The new Rail Trail Café parked next to the Wallkill Valley Rail Trail about a mile south of the Rosendale Trestle has only been in business for a month, but it already has regular customers, says Brian Farmer, co-creator of the café along with Tara Johannessen. And yes, you read that right: The café is parked, because it’s in the form of a custom-built mobile food cart that can be moved to and from its location on Stone Mountain Farm, just off the Rail Trail and down the hill from the Center for Symbolic Studies.

The cart – containing the kitchen – is parked under a tree and surrounded by an assortment of café tables and benches at which to eat. Being entirely outdoors, the Rail Trail Café is weather-dependent. It will close if it rains and will be a seasonal location, open mid-May through October, depending on how early the temperatures drop in the autumn.
Farmer and Johannessen got the idea to create a café at the site while working their land at Farmer’s Table Farm, which is located on the Stone Mountain Farm property. Observing all the activity going by them on the trail, it occurred to the couple that they could create a resting spot for all of those Rail Trail enthusiasts, and serve them fresh food straight from their farm. Remembering how they’d experienced different types of food carts offering local cuisine on their travels throughout Europe, Asia and Africa, the pair decided to bring that concept to their own back yard.
With the help of a successful Kickstarter crowdfunding campaign, they were able to build the cart with a kitchen that meets all the requirements and are now open Saturday and Sunday from 9 a.m. to 8 p.m., offering a Saturday market time from 9 a.m. to 12 noon with baked goods and produce from their farm. The café is also open on Fridays from 5 to 8 p.m., staying open later for music and performance events, and will occasionally close to the public to cater private affairs.
The café accommodates the many dog-walkers on the trail by offering homemade dog bones to their canine companions, and it has have horse treats for the equine crowd on the trail. There are even hitching posts for horses with picnic tables nearby, so riders can hang out with their horses while both enjoy a snack. Bicycle racks are installed for cyclists, and those who arrive on motorized wheels will find ample parking at the spot, too. The location is tricky to find using online mapping services, Farmer says, but searching for 310 River Road Extension in New Paltz will get you there. Park in Parking Lot A, and look for the café.

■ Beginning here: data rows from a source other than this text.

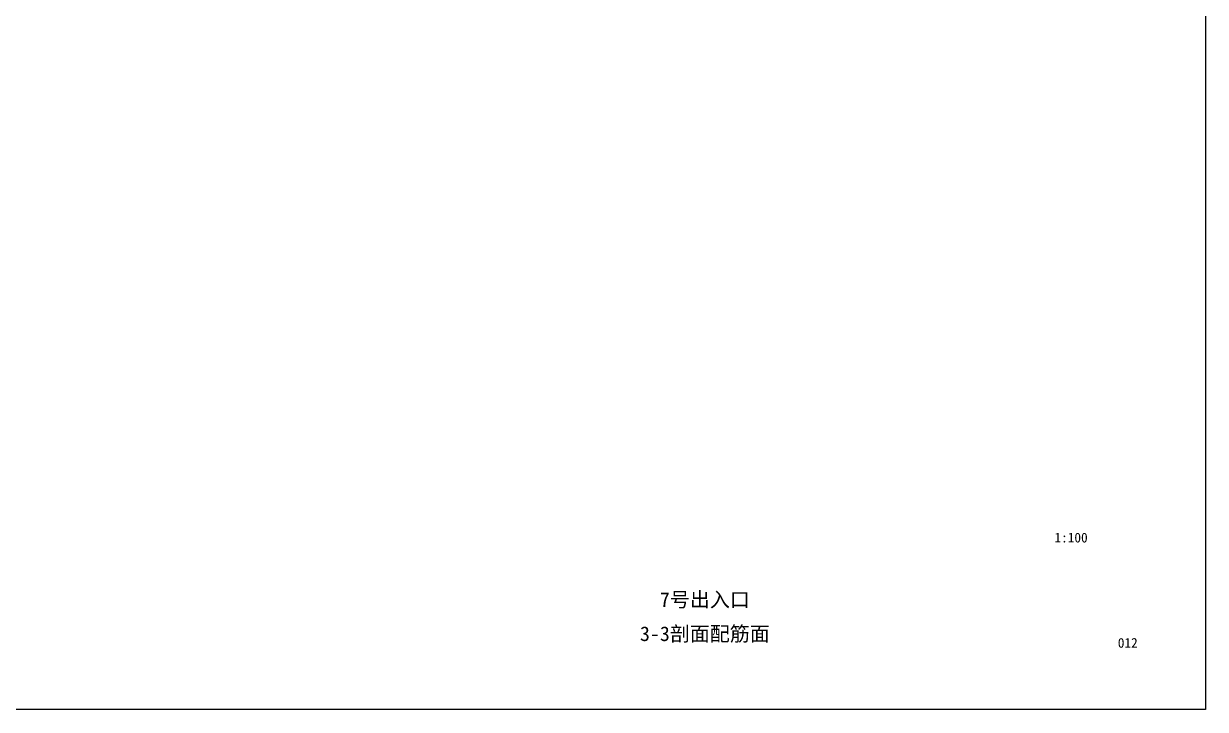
# Model space of a CAD drawing. Header units: millimetres. Extents: x -897614 to 191467, y -439928 to 101803.
# Drawn here: x -291601 to -267400, y -380330 to -366277 of the extents above; entities that cross this region are included whole.
import ezdxf
from ezdxf.enums import TextEntityAlignment as Align

# ---------------------------------------------------------------- set-up
doc = ezdxf.new("R2010")
doc.units = ezdxf.units.MM
doc.header["$LTSCALE"] = 1000
doc.layers.add('DY', color=1, linetype='Continuous', plot=False)
doc.layers.add('图框', color=3, linetype='Continuous')
doc.styles.add('TK-HZ-HT', font='', dxfattribs={"width": 0.8})
doc.styles.add('TK-HZ-ST', font='', dxfattribs={"width": 0.8})
doc.styles.get('TK-HZ-HT').set_extended_font_data('SimSun')
doc.styles.get('TK-HZ-ST').set_extended_font_data('SimSun')

msp = doc.modelspace()

# ---------------------------------------------------------------- linework, layer by layer
at = {"layer": 'DY'}
msp.add_lwpolyline([(-267400.45683, -380329.65135), (-326800.45683, -380329.65135), (-326800.45683, -338329.65135), (-267400.45683, -338329.65135)], close=True, dxfattribs=at)

# ---------------------------------------------------------------- texts
at = {"layer": '图框', "color": 7}
for s, height, style, p in [('1:100', 200, 'TK-HZ-ST', (-270150.45683, -376809.65135)), ('7号出入口', 300, 'TK-HZ-HT', (-277650.45683, -378079.65135)), ('3-3剖面配筋面', 300, 'TK-HZ-HT', (-277650.45683, -378779.65135))]:
    msp.add_text(s, height=height, dxfattribs=dict(at, style=style)).set_placement(p, align=Align.MIDDLE_CENTER)
at = {"layer": '图框', "color": 7, "style": 'TK-HZ-ST'}
msp.add_text('012 ', height=200, dxfattribs=at).set_placement((-269194.10157, -379066.54135))

doc.saveas('drawing.dxf')
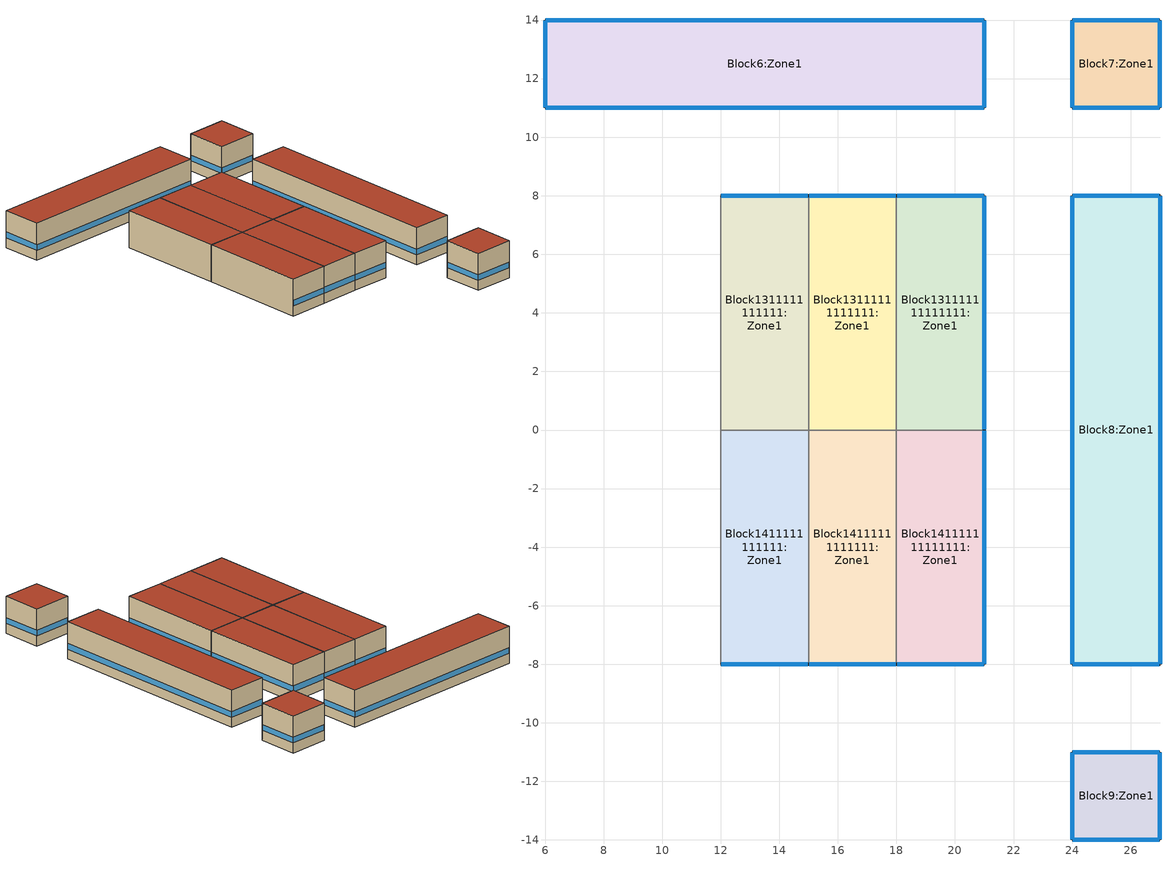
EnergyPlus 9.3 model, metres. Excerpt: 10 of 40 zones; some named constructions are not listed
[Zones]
Block7:Zone1
 floor outside (Project external floor): 27,14 27,11 24,11 24,14 z2.5
 wall outside (Brick_block_wall_domestic): 27,14 24,14 24,11 27,11 27,14 z2.5:5.3
 window (1001): 24,13.97 24,11.03 / 24.03,11 26.97,11 / 27,11.03 27,13.97 / 26.97,14 24.03,14 z3.26:3.69
 roof outside (Project flat roof): 27,11 27,14 24,14 24,11 z5.3
Block9:Zone1
 floor outside (Project external floor): 27,-11 27,-14 24,-14 24,-11 z2.5
 wall outside (Brick_block_wall_domestic): 24,-14 27,-14 27,-11 24,-11 24,-14 z2.5:5.3
 window (1001): 27,-13.97 27,-11.03 / 24,-11.03 24,-13.97 / 24.03,-14 26.97,-14 / 26.97,-11 24.03,-11 z3.26:3.69
 roof outside (Project flat roof): 27,-14 27,-11 24,-11 24,-14 z5.3
Block14111111111111:Zone1
 floor outside (Project external floor): 18,0 18,-8 15,-8 15,0 z2.5
 wall outside (Brick_block_wall_domestic): 15,-8 18,-8 z2.5:5.3
 wall to Block13111111111111:Zone1 (115mm brick cavity wall with 50mm air gap_Rev): 18,0 15,0 z2.5:5.3
 wall to Block141111111111111:Zone1 (115mm brick cavity wall with 50mm air gap): 18,-8 18,0 z2.5:5.3
 wall to Block1411111111111:Zone1 (115mm brick cavity wall with 50mm air gap_Rev): 15,0 15,-8 z2.5:5.3
 window (1001): 15.03,-8 17.97,-8 z3.26:3.69
 roof outside (Project flat roof): 18,-8 18,0 15,0 15,-8 z5.3
Block131111111111111:Zone1
 floor outside (Project external floor): 21,8 21,0 18,0 18,8 z2.5
 wall outside (Brick_block_wall_domestic): 21,0 21,8 18,8 z2.5:5.3
 wall to Block141111111111111:Zone1 (115mm brick cavity wall with 50mm air gap): 18,0 21,0 z2.5:5.3
 wall to Block13111111111111:Zone1 (115mm brick cavity wall with 50mm air gap_Rev): 18,8 18,0 z2.5:5.3
 window (1001): 21,0.03 21,7.97 z3.26:3.68; 20.97,8 18.03,8 z3.26:3.69
 roof outside (Project flat roof): 21,0 21,8 18,8 18,0 z5.3
Block1411111111111:Zone1
 floor outside (Project external floor): 15,0 15,-8 12,-8 12,0 z2.5
 wall outside (Brick_block_wall_domestic): 12,-8 15,-8 z2.5:5.3
 wall to Block141111111111:Zone1 (115mm brick cavity wall with 50mm air gap_Rev): 12,0 12,-8 z2.5:5.3
 wall to Block1311111111111:Zone1 (115mm brick cavity wall with 50mm air gap_Rev): 15,0 12,0 z2.5:5.3
 window (1001): 12.03,-8 14.97,-8 z3.26:3.69
 roof outside (Project flat roof): 15,-8 15,0 12,0 12,-8 z5.3
Block141111111111111:Zone1
 floor outside (Project external floor): 21,0 21,-8 18,-8 18,0 z2.5
 wall outside (Brick_block_wall_domestic): 18,-8 21,-8 21,0 z2.5:5.3
 window (1001): 21,-7.97 21,-0.03 z3.26:3.68; 18.03,-8 20.97,-8 z3.26:3.69
 roof outside (Project flat roof): 21,-8 21,0 18,0 18,-8 z5.3
Block6:Zone1
 floor outside (Project external floor): 21,14 21,11 6,11 6,14 z2.5
 wall outside (Brick_block_wall_domestic): 6,11 21,11 21,14 6,14 6,11 z2.5:5.3
 window (1001): 21,11.03 21,13.97 / 6,13.97 6,11.03 z3.26:3.69; 6.03,11 20.97,11 / 20.97,14 6.03,14 z3.26:3.68
 roof outside (Project flat roof): 21,11 21,14 6,14 6,11 z5.3
Block13111111111111:Zone1
 floor outside (Project external floor): 18,8 18,0 15,0 15,8 z2.5
 wall outside (Brick_block_wall_domestic): 18,8 15,8 z2.5:5.3
 wall to Block1311111111111:Zone1 (115mm brick cavity wall with 50mm air gap_Rev): 15,8 15,0 z2.5:5.3
 window (1001): 17.97,8 15.03,8 z3.26:3.69
 roof outside (Project flat roof): 18,0 18,8 15,8 15,0 z5.3
Block8:Zone1
 floor outside (Project external floor): 27,8 27,-8 24,-8 24,8 z2.5
 wall outside (Brick_block_wall_domestic): 24,-8 27,-8 27,8 24,8 24,-8 z2.5:5.3
 window (1001): 26.97,8 24.03,8 / 24.03,-8 26.97,-8 z3.26:3.69; 24,7.97 24,-7.97 / 27,-7.97 27,7.97 z3.26:3.68
 roof outside (Project flat roof): 27,-8 27,8 24,8 24,-8 z5.3
Block1311111111111:Zone1
 floor outside (Project external floor): 15,8 15,0 12,0 12,8 z2.5
 wall outside (Brick_block_wall_domestic): 15,8 12,8 z2.5:5.3
 wall to Block131111111111:Zone1 (115mm brick cavity wall with 50mm air gap_Rev): 12,8 12,0 z2.5:5.3
 window (1001): 14.97,8 12.03,8 z3.26:3.69
 roof outside (Project flat roof): 15,0 15,8 12,8 12,0 z5.3
[Schedule:Compact]
On: Through: 12/31, For: AllDays, Until: 24:00, 1
20001: Through: 12/31, For: Weekdays Weekends SummerDesignDays, Until: 24:00, 16, For: WinterDesignDays, Until: 24:00, 0, For: AllOtherDays, Until: 24:00, 16
[AirflowNetwork:SimulationControl]
VENT: AirflowNetwork Control=MultizoneWithoutDistribution; Wind Pressure Coefficient Type=Input; Height Selection for Local Wind Pressure Calculation=OpeningHeight; Building Type=LowRise; Maximum Number of Iterations=1000; Initialization Type=ZeroNodePressures; Relative Airflow Convergence Tolerance=0.0001; Absolute Airflow Convergence Tolerance {kg/s}=0.000001; Convergence Acceleration Limit=-0.5; Azimuth Angle of Long Axis of Building {deg}=0; Ratio of Building Width Along Short Axis to Width Along Long Axis=1
[AirflowNetwork:MultiZone:Zone] Ventilation Control Mode=Temperature; Ventilation Control Zone Temperature Setpoint Schedule=20001; Minimum Venting Open Factor=1; Venting Availability Schedule=On
Block6:Zone1; Block7:Zone1; Block8:Zone1; Block9:Zone1; Block1311111111111:Zone1; Block13111111111111:Zone1; Block131111111111111:Zone1; Block1411111111111:Zone1; Block14111111111111:Zone1; Block141111111111111:Zone1
[AirflowNetwork:MultiZone:Surface] Window/Door Opening Factor, or Crack Factor=1
Block6:Zone1_ExtFloor_0_0_0: Leakage Component=Block6:Zone1_ExtFloor_0_0_0
Block6:Zone1_Roof_1_0_0: Leakage Component=Block6:Zone1_Roof_1_0_0
Block6:Zone1_Wall_2_0_0: Leakage Component=Block6:Zone1_Wall_2_0_0
Block6:Zone1_Wall_3_0_0: Leakage Component=Block6:Zone1_Wall_3_0_0
Block6:Zone1_Wall_4_0_0: Leakage Component=Block6:Zone1_Wall_4_0_0
Block6:Zone1_Wall_5_0_0: Leakage Component=Block6:Zone1_Wall_5_0_0
Block7:Zone1_ExtFloor_0_0_0: Leakage Component=Block7:Zone1_ExtFloor_0_0_0
Block7:Zone1_Roof_1_0_0: Leakage Component=Block7:Zone1_Roof_1_0_0
Block7:Zone1_Wall_2_0_0: Leakage Component=Block7:Zone1_Wall_2_0_0
Block7:Zone1_Wall_3_0_0: Leakage Component=Block7:Zone1_Wall_3_0_0
Block7:Zone1_Wall_4_0_0: Leakage Component=Block7:Zone1_Wall_4_0_0
Block7:Zone1_Wall_5_0_0: Leakage Component=Block7:Zone1_Wall_5_0_0
Block8:Zone1_ExtFloor_0_0_0: Leakage Component=Block8:Zone1_ExtFloor_0_0_0
Block8:Zone1_Roof_1_0_0: Leakage Component=Block8:Zone1_Roof_1_0_0
Block8:Zone1_Wall_2_0_0: Leakage Component=Block8:Zone1_Wall_2_0_0
Block8:Zone1_Wall_3_0_0: Leakage Component=Block8:Zone1_Wall_3_0_0
Block8:Zone1_Wall_4_0_0: Leakage Component=Block8:Zone1_Wall_4_0_0
Block8:Zone1_Wall_5_0_0: Leakage Component=Block8:Zone1_Wall_5_0_0
Block9:Zone1_ExtFloor_0_0_0: Leakage Component=Block9:Zone1_ExtFloor_0_0_0
Block9:Zone1_Roof_1_0_0: Leakage Component=Block9:Zone1_Roof_1_0_0
Block9:Zone1_Wall_2_0_0: Leakage Component=Block9:Zone1_Wall_2_0_0
Block9:Zone1_Wall_3_0_0: Leakage Component=Block9:Zone1_Wall_3_0_0
Block9:Zone1_Wall_4_0_0: Leakage Component=Block9:Zone1_Wall_4_0_0
Block9:Zone1_Wall_5_0_0: Leakage Component=Block9:Zone1_Wall_5_0_0
Block1311111111111:Zone1_ExtFloor_0_0_0: Leakage Component=Block1311111111111:Zone1_ExtFloor_0_0_0
Block1311111111111:Zone1_Roof_1_0_0: Leakage Component=Block1311111111111:Zone1_Roof_1_0_0
Block1311111111111:Zone1_Partition_2_0_0: Leakage Component=Block1311111111111:Zone1_Partition_2_0_0
Block1311111111111:Zone1_Wall_3_0_0: Leakage Component=Block1311111111111:Zone1_Wall_3_0_0
Sub Surface 19: Leakage Component=Block1311111111111:Zone1_Wall_3_0_0_0_0_0_Win; Ventilation Control Mode=Temperature; Ventilation Control Zone Temperature Setpoint Schedule=20001; Venting Availability Schedule=On
Block1311111111111:Zone1_Partition_5_0_0: Leakage Component=Block1311111111111:Zone1_Partition_5_0_0
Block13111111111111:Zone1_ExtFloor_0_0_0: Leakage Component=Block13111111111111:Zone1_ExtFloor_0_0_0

Farmer’s Table Farm produces a diverse variety of greens, with micro-greens its specialty. Harvested after just seven to ten days, says Farmer, micro-greens are basically seeds that are planted in organic soil and sprouted. Micro-greens come in a variety of sizes, he adds, but at their farm they prefer the heartier varieties: sunflower greens, pea shoots and buckwheat greens. “They’re full of all kinds of vitamins and minerals, and the sunflower greens are quite high in protein for a green.”
The micro-greens can be purchased in bulk at the café, and they’ll be featured on the menu dishes along with other produce either grown on Farmer’s Table Farm or accessed from within a short distance away. “We want to develop a core menu that a wide variety of people will like,” says Farmer, “but bring in those things that are freshest, local and in season.” This week, for example, they’re making frozen fruit pops with fresh strawberries, coconut milk and agave.
The vegetarian menu includes salads, burritos, steamed dumplings (made with shiitake mushrooms cultivated on logs at the farm) and wood-fired pizzas made with micro-greens and wildcrafted produce: greens grown wild on the farm rather than cultivated. This weekend, pizzas will be made with wild amaranth, which has “kind of a nutty, spinachy taste,” Farmer says, and lambs’ quarters, considered a weed on some farms but edible and nutritious, its taste compared to chard by some foragers.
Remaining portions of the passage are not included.